Dataset items:
----

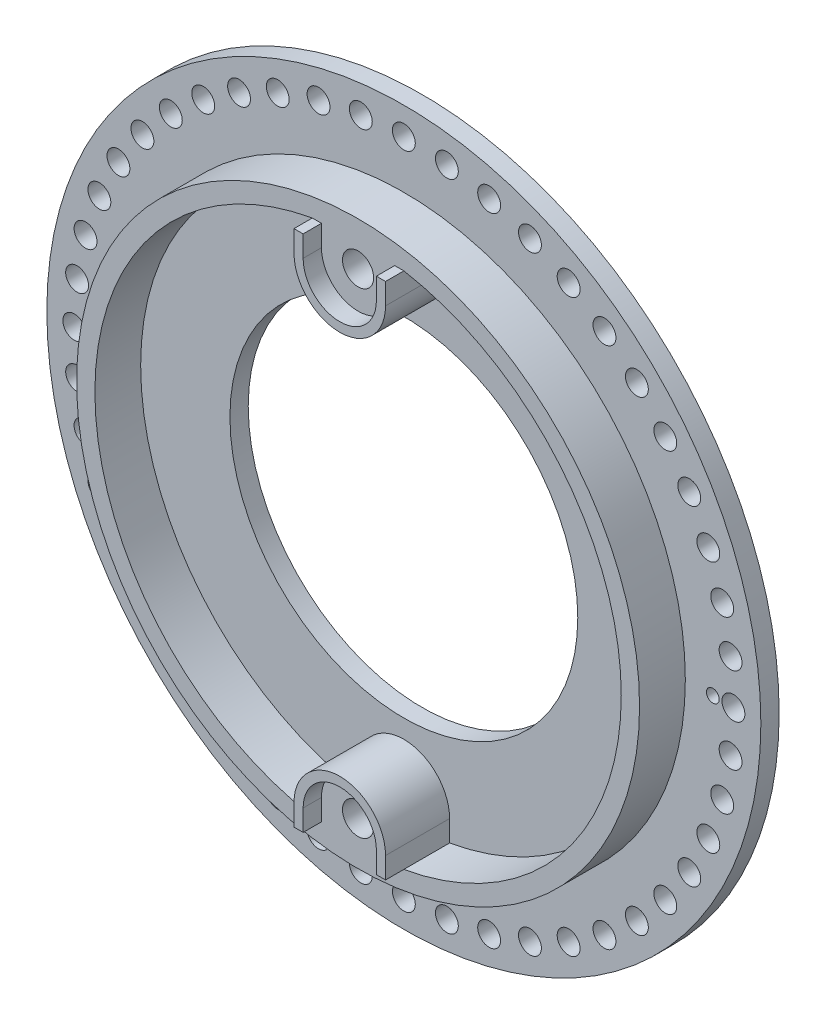
SolidWorks part; units mm, degrees
ref_plane "Front Plane" through (0, 0, 0) normal (0, 0, 1) x (1, 0, 0)
ref_plane "Top Plane" through (0, 0, 0) normal (0, 1, 0) x (1, 0, 0)
ref_plane "Right Plane" through (0, 0, 0) normal (1, 0, 0) x (0, 0, -1)
sketch "Sketch1" plane through (0, 0, 0) normal (0, 0, 1) x (1, 0, 0)
  circle A0 centre (0, 0) radius 39
  dimension "D1" = 78
extrude "Boss-Extrude1" add sketch "Sketch1" along normal blind 2
sketch "Sketch3" plane through (0, 0, 2) normal (0, 0, 1) x (1, 0, 0)
  line L0 (-5, 26) -> (-5, 28.3119)
  line L1 (5, 26) -> (5, 28.3119)
  line L2 (5, -26) -> (5, -28.3119)
  line L3 (-5, -26) -> (-5, -28.3119)
  circle A0 centre (0, 0) radius 30.75
  arc A1 (-5, 28.3119) -> (-5, -28.3119) centre (0, 0) ccw
  arc A2 (-5, 26) -> (5, 26) centre (0, 26) ccw
  circle A3 centre (0, 0) radius 28.75 construction
  arc A4 (5, -26) -> (-5, -26) centre (0, -26) ccw
  arc A5 (5, -28.3119) -> (5, 28.3119) centre (0, 0) ccw
  point P18 (0, 0)
  point P22 (-0.2453, 0)
  dimension "D1" = 61.5
  dimension "D3" = 10
  dimension "D5" = 2
  dimension "D4" = 26
  dimension "D2" = 2
extrude "Boss-Extrude2" add sketch "Sketch3" along normal blind 5 contours A1 L3 A4 L2 A5 L1 A2 L0 | A0
sketch "Sketch5" plane through (0, 0, 7) normal (0, 0, 1) x (1, 0, 0)
  circle A0 centre (0, -26) radius 1.7
  circle A1 centre (0, 26) radius 1.7
  point P7 (0, 0)
  dimension "D1" = 26
  dimension "D2" = 3.4
  dimension "D3" = 2
  dimension "D4" = 52
extrude "Cut-Extrude2" cut sketch "Sketch5" against normal up to surface (7 mm away) up to face at (39, 0, 0)
sketch "Sketch6" plane through (0, 0, 0) normal (0, 0, -1) x (-1, 0, 0)
  circle A0 centre (0, 26) radius 3
  circle A1 centre (0, -26) radius 3
  dimension "D1" = 6
  dimension "D2" = 6
  dimension "D3" = 26
  dimension "D4" = 26
extrude "Cut-Extrude3" cut sketch "Sketch6" against normal blind 4.5
sketch "Sketch7" plane through (0, 0, 0) normal (0, 0, -1) x (-1, 0, 0)
  circle A0 centre (0, 0) radius 19
  dimension "D1" = 38
extrude "Cut-Extrude4" cut sketch "Sketch7" against normal up to surface (2 mm away) up to face at (0, 0, 2)
sketch "Sketch8" plane through (0, 0, 2) normal (0, 0, 1) x (1, 0, 0)
  circle A0 centre (36, 0) radius 1.25
  circle A1 centre (35.692, -4.6989) radius 1.25
  circle A2 centre (34.7733, -9.3175) radius 1.25
  circle A3 centre (33.2597, -13.7766) radius 1.25
  circle A4 centre (31.1769, -18) radius 1.25
  circle A5 centre (28.5607, -21.9154) radius 1.25
  circle A6 centre (25.4558, -25.4558) radius 1.25
  circle A7 centre (21.9154, -28.5607) radius 1.25
  circle A8 centre (18, -31.1769) radius 1.25
  circle A9 centre (13.7766, -33.2597) radius 1.25
  circle A10 centre (9.3175, -34.7733) radius 1.25
  circle A11 centre (4.6989, -35.692) radius 1.25
  circle A12 centre (0, -36) radius 1.25
  circle A13 centre (-4.6989, -35.692) radius 1.25
  circle A14 centre (-9.3175, -34.7733) radius 1.25
  circle A15 centre (-13.7766, -33.2597) radius 1.25
  circle A16 centre (-18, -31.1769) radius 1.25
  circle A17 centre (-21.9154, -28.5607) radius 1.25
  circle A18 centre (-25.4558, -25.4558) radius 1.25
  circle A19 centre (-28.5607, -21.9154) radius 1.25
  circle A20 centre (-31.1769, -18) radius 1.25
  circle A21 centre (-33.2597, -13.7766) radius 1.25
  circle A22 centre (-34.7733, -9.3175) radius 1.25
  circle A23 centre (-35.692, -4.6989) radius 1.25
  circle A24 centre (-36, 0) radius 1.25
  circle A25 centre (-35.692, 4.6989) radius 1.25
  circle A26 centre (-34.7733, 9.3175) radius 1.25
  circle A27 centre (-33.2597, 13.7766) radius 1.25
  circle A28 centre (-31.1769, 18) radius 1.25
  circle A29 centre (-28.5607, 21.9154) radius 1.25
  circle A30 centre (-25.4558, 25.4558) radius 1.25
  circle A31 centre (-21.9154, 28.5607) radius 1.25
  circle A32 centre (-18, 31.1769) radius 1.25
  circle A33 centre (-13.7766, 33.2597) radius 1.25
  circle A34 centre (-9.3175, 34.7733) radius 1.25
  circle A35 centre (-4.6989, 35.692) radius 1.25
  circle A36 centre (0, 36) radius 1.25
  circle A37 centre (4.6989, 35.692) radius 1.25
  circle A38 centre (9.3175, 34.7733) radius 1.25
  circle A39 centre (13.7766, 33.2597) radius 1.25
  circle A40 centre (18, 31.1769) radius 1.25
  circle A41 centre (21.9154, 28.5607) radius 1.25
  circle A42 centre (25.4558, 25.4558) radius 1.25
  circle A43 centre (28.5607, 21.9154) radius 1.25
  circle A44 centre (31.1769, 18) radius 1.25
  circle A45 centre (33.2597, 13.7766) radius 1.25
  circle A46 centre (34.7733, 9.3175) radius 1.25
  circle A47 centre (35.692, 4.6989) radius 1.25
  point P104 (0, 0)
  dimension "D1" = 36
  dimension "D2" = 2.5
  dimension "D3" = 48
extrude "Cut-Extrude5" cut sketch "Sketch8" against normal up to surface (2 mm away) up to face at (-19, 0, 0)
fillet "Fillet1" radius 1.5 2 edges at (-3, -26, 4.5) (-3, 26, 4.5)
sketch "Sketch9" plane through (0, 0, 7) normal (0, 0, 1) x (1, 0, 0)
  line L2 (-4, 28.3119) -> (-5, 28.3119)
  line L3 (4, 28.3119) -> (5, 28.3119)
  line L4 (4, 28.3119) -> (4, 26)
  line L5 (-4, 26) -> (-4, 28.3119)
  line L6 (4, 28.3119) -> (4, 26)
  line L7 (-4, 26) -> (-4, 28.3119)
  line L8 (-5, 28.3119) -> (-5, 26)
  line L9 (5, 26) -> (5, 28.3119)
  line L10 (-5, -26) -> (-5, -28.3119)
  line L11 (-4, -28.3119) -> (-5, -28.3119)
  line L12 (-4, -28.3119) -> (-4, -26)
  line L13 (4, -26) -> (4, -28.3119)
  line L14 (4, -28.3119) -> (5, -28.3119)
  line L15 (5, -28.3119) -> (5, -26)
  arc A2 (4, -26) -> (-4, -26) centre (0, -26) ccw
  arc A4 (-5, 26) -> (5, 26) centre (0, 26) ccw
  arc A5 (-4, 26) -> (4, 26) centre (0, 26) ccw
  arc A6 (-4, 26) -> (4, 26) centre (0, 26) ccw
  arc A8 (5, -26) -> (-5, -26) centre (0, -26) ccw
  point P26 (0, 0)
  dimension "D1" = 2
  dimension "D2" = 1
extrude "Boss-Extrude3" add sketch "Sketch9" along normal blind 2
sketch "Alignment_Hole" plane through (0, 0, 0) normal (0, 0, -1) x (-1, 0, 0)
  circle A0 centre (-33.75, 0) radius 0.7
  circle A2 centre (-36, 0) radius 1.25 construction
  dimension "D1" = 1.4
  dimension "D2" = 2.25
extrude "Alignment_Hole - Cut" cut sketch "Alignment_Hole" against normal through all both and the other way through all
equation "\"D2@Sketch6\"=\"D1@Sketch6\""

----

> Directions for this task: In the records above, find the line with "circle A25 centre"; write out exactly that line and each one after it, stopping after the line with "circle A29 centre".

> Final answer:
  circle A25 centre (-35.692, 4.6989) radius 1.25
  circle A26 centre (-34.7733, 9.3175) radius 1.25
  circle A27 centre (-33.2597, 13.7766) radius 1.25
  circle A28 centre (-31.1769, 18) radius 1.25
  circle A29 centre (-28.5607, 21.9154) radius 1.25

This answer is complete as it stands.